North Lakes first 24/7 Health Club now feels like it's newest!
Our club at 9 Discovery Drive, first established in July 2011, has under gone a transformation that gives it a fresh new feel, has a new Functional Training area, upgraded cleaning and hygiene systems and more. Still one of the very few owner operated clubs that isn't a franchise or corporate owned, our members still get that personal service and assistance that comes with a friendly smile, and it's free :) Plans to give our Deception Bay Club the same refurbishment and upgrades should also commence in the near future.
WHEY PROTEIN POWDERS- What Are Their Differences?
At first protein powders all look the same, but that's far from the truth.
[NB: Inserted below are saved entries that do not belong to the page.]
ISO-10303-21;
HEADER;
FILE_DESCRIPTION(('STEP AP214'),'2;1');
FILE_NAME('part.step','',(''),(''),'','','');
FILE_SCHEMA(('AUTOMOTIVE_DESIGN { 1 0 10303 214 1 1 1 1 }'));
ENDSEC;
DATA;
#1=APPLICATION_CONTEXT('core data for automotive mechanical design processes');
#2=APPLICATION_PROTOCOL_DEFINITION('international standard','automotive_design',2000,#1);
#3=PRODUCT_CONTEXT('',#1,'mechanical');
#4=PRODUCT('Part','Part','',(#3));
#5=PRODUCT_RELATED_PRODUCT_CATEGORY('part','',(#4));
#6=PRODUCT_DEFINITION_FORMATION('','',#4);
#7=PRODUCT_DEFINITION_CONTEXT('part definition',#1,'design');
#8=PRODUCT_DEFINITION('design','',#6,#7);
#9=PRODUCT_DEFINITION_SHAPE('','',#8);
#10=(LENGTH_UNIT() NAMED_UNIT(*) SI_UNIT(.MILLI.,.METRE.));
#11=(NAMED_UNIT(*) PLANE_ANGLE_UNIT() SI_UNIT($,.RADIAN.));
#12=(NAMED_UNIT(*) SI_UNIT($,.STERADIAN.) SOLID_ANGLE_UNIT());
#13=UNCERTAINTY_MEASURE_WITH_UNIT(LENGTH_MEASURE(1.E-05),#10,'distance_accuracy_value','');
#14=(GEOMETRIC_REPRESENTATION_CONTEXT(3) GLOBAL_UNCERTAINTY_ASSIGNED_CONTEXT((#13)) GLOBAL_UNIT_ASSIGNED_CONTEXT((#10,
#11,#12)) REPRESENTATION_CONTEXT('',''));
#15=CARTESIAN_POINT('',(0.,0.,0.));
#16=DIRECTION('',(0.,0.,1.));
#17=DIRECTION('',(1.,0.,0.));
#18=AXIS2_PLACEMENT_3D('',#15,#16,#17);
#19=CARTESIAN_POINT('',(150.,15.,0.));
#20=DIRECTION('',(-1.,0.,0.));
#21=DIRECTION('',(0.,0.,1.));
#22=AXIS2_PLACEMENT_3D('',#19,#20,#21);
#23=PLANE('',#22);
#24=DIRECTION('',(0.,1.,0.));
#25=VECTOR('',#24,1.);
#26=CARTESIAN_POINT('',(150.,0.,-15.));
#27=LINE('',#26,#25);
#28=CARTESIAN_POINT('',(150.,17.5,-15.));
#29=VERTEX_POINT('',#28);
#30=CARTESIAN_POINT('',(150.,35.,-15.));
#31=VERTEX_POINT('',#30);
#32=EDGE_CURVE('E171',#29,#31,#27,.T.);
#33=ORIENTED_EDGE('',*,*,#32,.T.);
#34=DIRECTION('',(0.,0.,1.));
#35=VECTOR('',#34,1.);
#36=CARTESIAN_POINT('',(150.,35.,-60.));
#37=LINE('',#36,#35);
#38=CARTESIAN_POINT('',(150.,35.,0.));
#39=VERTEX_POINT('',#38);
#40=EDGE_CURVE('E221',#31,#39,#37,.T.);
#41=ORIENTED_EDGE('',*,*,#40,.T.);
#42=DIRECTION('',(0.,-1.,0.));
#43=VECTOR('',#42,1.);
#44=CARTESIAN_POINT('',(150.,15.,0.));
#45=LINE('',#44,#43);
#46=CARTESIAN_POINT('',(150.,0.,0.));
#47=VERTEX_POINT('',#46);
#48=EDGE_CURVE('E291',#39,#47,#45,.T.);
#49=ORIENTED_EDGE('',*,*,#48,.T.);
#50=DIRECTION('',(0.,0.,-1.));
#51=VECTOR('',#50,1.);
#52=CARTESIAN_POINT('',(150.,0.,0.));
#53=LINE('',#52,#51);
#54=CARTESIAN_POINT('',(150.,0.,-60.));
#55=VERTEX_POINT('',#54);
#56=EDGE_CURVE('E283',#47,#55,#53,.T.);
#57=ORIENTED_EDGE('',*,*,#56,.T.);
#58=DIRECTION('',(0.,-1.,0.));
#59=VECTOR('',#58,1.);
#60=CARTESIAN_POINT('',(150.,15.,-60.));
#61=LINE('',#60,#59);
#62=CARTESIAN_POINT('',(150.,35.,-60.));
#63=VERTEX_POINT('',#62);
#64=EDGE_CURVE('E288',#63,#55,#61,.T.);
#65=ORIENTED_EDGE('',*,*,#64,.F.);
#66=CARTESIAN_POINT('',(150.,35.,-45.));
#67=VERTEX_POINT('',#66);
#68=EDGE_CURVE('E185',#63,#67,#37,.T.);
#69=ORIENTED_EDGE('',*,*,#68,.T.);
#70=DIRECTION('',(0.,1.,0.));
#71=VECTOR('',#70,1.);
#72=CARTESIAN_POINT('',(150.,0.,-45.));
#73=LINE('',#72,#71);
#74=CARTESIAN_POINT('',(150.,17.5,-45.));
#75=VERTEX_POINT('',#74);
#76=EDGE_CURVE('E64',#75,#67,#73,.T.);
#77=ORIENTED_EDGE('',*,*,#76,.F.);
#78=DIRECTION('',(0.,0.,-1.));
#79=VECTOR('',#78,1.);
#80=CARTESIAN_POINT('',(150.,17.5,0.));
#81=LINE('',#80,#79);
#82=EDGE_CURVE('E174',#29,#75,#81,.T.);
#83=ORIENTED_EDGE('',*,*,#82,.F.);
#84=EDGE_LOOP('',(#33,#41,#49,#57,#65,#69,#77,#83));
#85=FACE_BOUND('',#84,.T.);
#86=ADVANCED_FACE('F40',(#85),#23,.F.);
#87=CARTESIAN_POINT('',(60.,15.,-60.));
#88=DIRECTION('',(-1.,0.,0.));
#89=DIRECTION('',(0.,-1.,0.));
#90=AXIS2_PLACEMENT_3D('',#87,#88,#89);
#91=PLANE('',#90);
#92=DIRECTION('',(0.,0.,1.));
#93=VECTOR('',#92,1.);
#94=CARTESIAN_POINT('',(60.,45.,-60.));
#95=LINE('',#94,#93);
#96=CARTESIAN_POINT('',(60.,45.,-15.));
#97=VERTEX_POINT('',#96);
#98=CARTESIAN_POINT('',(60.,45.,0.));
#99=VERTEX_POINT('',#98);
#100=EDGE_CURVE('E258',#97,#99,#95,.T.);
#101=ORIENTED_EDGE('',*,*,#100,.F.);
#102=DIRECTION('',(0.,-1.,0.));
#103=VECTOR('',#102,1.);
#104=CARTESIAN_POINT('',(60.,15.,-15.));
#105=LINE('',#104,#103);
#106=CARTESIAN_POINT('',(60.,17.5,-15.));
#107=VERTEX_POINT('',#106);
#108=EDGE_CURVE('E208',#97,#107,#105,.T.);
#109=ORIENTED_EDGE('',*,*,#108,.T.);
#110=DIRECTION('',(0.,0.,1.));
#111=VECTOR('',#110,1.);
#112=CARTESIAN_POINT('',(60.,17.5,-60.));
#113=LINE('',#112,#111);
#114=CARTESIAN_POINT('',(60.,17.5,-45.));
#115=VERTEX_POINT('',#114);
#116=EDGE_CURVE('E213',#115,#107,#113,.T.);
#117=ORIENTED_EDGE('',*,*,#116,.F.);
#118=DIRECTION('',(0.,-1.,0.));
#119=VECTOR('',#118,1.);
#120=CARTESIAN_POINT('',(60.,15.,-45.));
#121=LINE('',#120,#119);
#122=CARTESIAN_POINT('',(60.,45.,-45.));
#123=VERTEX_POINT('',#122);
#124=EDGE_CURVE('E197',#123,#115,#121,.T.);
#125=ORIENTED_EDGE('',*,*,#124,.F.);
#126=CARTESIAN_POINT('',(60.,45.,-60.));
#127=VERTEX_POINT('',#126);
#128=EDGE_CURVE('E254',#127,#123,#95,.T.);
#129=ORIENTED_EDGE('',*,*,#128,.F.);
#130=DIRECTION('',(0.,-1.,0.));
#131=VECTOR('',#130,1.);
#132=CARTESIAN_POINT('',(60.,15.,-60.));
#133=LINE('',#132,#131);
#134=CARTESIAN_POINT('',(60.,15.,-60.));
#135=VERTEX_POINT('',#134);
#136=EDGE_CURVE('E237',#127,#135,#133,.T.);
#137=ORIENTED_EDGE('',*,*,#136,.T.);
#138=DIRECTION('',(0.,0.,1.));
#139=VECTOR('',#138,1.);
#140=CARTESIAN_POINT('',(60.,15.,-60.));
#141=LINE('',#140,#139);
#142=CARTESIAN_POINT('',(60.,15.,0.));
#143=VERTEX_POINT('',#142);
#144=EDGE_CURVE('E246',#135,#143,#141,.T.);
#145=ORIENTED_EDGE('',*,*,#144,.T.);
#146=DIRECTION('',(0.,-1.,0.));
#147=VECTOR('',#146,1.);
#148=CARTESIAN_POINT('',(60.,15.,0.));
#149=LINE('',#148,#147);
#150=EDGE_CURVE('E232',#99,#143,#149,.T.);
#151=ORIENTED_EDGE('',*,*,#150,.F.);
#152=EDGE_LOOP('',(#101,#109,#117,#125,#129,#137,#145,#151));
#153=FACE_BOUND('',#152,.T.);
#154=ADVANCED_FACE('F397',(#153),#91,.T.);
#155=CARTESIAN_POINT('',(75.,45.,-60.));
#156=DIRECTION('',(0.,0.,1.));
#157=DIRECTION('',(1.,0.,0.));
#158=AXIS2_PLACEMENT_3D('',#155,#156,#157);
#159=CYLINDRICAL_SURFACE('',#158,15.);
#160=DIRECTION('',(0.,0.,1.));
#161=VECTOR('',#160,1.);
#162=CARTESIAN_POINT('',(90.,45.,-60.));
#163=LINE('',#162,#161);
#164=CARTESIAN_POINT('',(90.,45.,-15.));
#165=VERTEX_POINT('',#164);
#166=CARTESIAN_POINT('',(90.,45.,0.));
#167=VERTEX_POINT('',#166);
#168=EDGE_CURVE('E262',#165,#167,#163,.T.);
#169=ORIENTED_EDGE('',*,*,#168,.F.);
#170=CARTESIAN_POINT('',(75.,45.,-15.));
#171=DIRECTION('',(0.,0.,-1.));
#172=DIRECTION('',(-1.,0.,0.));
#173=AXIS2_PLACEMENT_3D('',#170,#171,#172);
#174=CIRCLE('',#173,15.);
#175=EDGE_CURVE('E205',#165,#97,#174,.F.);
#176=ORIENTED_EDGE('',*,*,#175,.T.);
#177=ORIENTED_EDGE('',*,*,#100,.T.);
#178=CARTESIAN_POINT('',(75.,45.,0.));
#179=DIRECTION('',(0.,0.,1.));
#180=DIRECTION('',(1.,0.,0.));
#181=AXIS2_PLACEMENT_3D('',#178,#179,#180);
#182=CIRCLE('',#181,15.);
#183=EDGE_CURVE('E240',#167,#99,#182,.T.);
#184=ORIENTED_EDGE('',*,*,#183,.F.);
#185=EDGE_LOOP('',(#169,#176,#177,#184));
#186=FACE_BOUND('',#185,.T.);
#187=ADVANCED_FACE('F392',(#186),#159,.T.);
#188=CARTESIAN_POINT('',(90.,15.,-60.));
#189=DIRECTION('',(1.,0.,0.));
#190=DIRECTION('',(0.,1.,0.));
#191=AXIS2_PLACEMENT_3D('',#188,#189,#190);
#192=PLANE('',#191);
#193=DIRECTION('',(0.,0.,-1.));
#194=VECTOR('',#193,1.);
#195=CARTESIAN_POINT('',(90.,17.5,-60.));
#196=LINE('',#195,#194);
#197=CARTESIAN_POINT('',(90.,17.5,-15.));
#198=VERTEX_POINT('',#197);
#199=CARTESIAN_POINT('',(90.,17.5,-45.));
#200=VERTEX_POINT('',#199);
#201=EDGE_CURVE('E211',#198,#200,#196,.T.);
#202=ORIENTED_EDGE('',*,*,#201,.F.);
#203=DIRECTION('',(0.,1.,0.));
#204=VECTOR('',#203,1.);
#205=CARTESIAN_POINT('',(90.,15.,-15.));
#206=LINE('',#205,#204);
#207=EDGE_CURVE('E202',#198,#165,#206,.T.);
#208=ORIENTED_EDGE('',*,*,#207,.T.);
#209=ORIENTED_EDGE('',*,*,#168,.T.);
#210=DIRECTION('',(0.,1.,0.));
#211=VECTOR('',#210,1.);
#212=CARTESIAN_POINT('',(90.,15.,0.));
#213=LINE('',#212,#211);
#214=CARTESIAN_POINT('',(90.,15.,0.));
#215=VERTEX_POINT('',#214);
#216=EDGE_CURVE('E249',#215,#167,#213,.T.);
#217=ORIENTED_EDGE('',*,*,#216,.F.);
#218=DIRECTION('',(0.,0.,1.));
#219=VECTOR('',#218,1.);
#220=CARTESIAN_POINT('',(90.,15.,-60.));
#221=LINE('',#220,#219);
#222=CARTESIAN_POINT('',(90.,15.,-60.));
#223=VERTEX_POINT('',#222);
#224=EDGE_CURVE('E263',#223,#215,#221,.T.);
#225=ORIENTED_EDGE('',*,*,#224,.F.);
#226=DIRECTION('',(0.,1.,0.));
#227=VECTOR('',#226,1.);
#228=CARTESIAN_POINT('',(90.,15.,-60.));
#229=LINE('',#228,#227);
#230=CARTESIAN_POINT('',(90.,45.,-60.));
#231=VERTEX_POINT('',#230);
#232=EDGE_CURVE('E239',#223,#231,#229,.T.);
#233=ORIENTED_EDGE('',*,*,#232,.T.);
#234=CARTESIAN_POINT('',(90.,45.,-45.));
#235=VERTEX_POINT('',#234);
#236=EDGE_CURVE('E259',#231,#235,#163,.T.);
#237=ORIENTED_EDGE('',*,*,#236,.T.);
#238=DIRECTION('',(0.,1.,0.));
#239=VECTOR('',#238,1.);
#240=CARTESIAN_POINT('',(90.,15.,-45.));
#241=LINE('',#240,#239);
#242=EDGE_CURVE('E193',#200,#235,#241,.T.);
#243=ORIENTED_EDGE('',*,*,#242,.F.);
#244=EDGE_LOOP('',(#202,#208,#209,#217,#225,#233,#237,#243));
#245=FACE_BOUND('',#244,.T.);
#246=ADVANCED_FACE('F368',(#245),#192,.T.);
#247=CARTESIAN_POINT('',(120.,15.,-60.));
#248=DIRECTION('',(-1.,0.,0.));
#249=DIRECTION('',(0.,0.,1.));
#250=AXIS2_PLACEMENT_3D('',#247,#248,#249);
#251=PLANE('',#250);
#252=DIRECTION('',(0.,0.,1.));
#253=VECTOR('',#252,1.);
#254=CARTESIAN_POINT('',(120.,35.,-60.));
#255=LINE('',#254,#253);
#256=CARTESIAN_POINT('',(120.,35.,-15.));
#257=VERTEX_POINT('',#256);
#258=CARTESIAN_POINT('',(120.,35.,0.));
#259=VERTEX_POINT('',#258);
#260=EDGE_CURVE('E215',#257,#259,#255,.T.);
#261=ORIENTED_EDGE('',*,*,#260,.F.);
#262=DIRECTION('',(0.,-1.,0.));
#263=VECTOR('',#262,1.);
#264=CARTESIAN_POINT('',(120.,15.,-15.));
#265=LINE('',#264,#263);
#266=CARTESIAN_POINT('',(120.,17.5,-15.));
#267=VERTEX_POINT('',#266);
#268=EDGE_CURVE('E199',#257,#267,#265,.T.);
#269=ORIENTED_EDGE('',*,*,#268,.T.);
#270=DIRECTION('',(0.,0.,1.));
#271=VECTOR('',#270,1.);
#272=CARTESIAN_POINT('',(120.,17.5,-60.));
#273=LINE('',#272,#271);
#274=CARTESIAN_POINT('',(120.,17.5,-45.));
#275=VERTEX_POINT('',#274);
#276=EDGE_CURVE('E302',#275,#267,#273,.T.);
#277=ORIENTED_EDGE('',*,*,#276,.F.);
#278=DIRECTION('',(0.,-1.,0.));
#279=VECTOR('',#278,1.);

In our previous edition we looked at where whey protein comes from but things have come a long way since the creation of the the first protein powder concentrate.
PROTEIN CONCENTRATE: This was one of the earliest forms of protein powder and was effectively not much different to skim milk powder. The liquid whey was dried and powdered and although a great form of protein, was not very well tolerated by many users and caused upset stomachs and indigestion. Digestion time is around 2 hours. Best used regularly during the day to keep protein levels stable.
PROTEIN ISOLATE: This a purified and superior form of protein concentrate and is far better tolerated by most users. A little more expensive but definately worth it. Digestion time is also around two hours and also best used regularly during the day.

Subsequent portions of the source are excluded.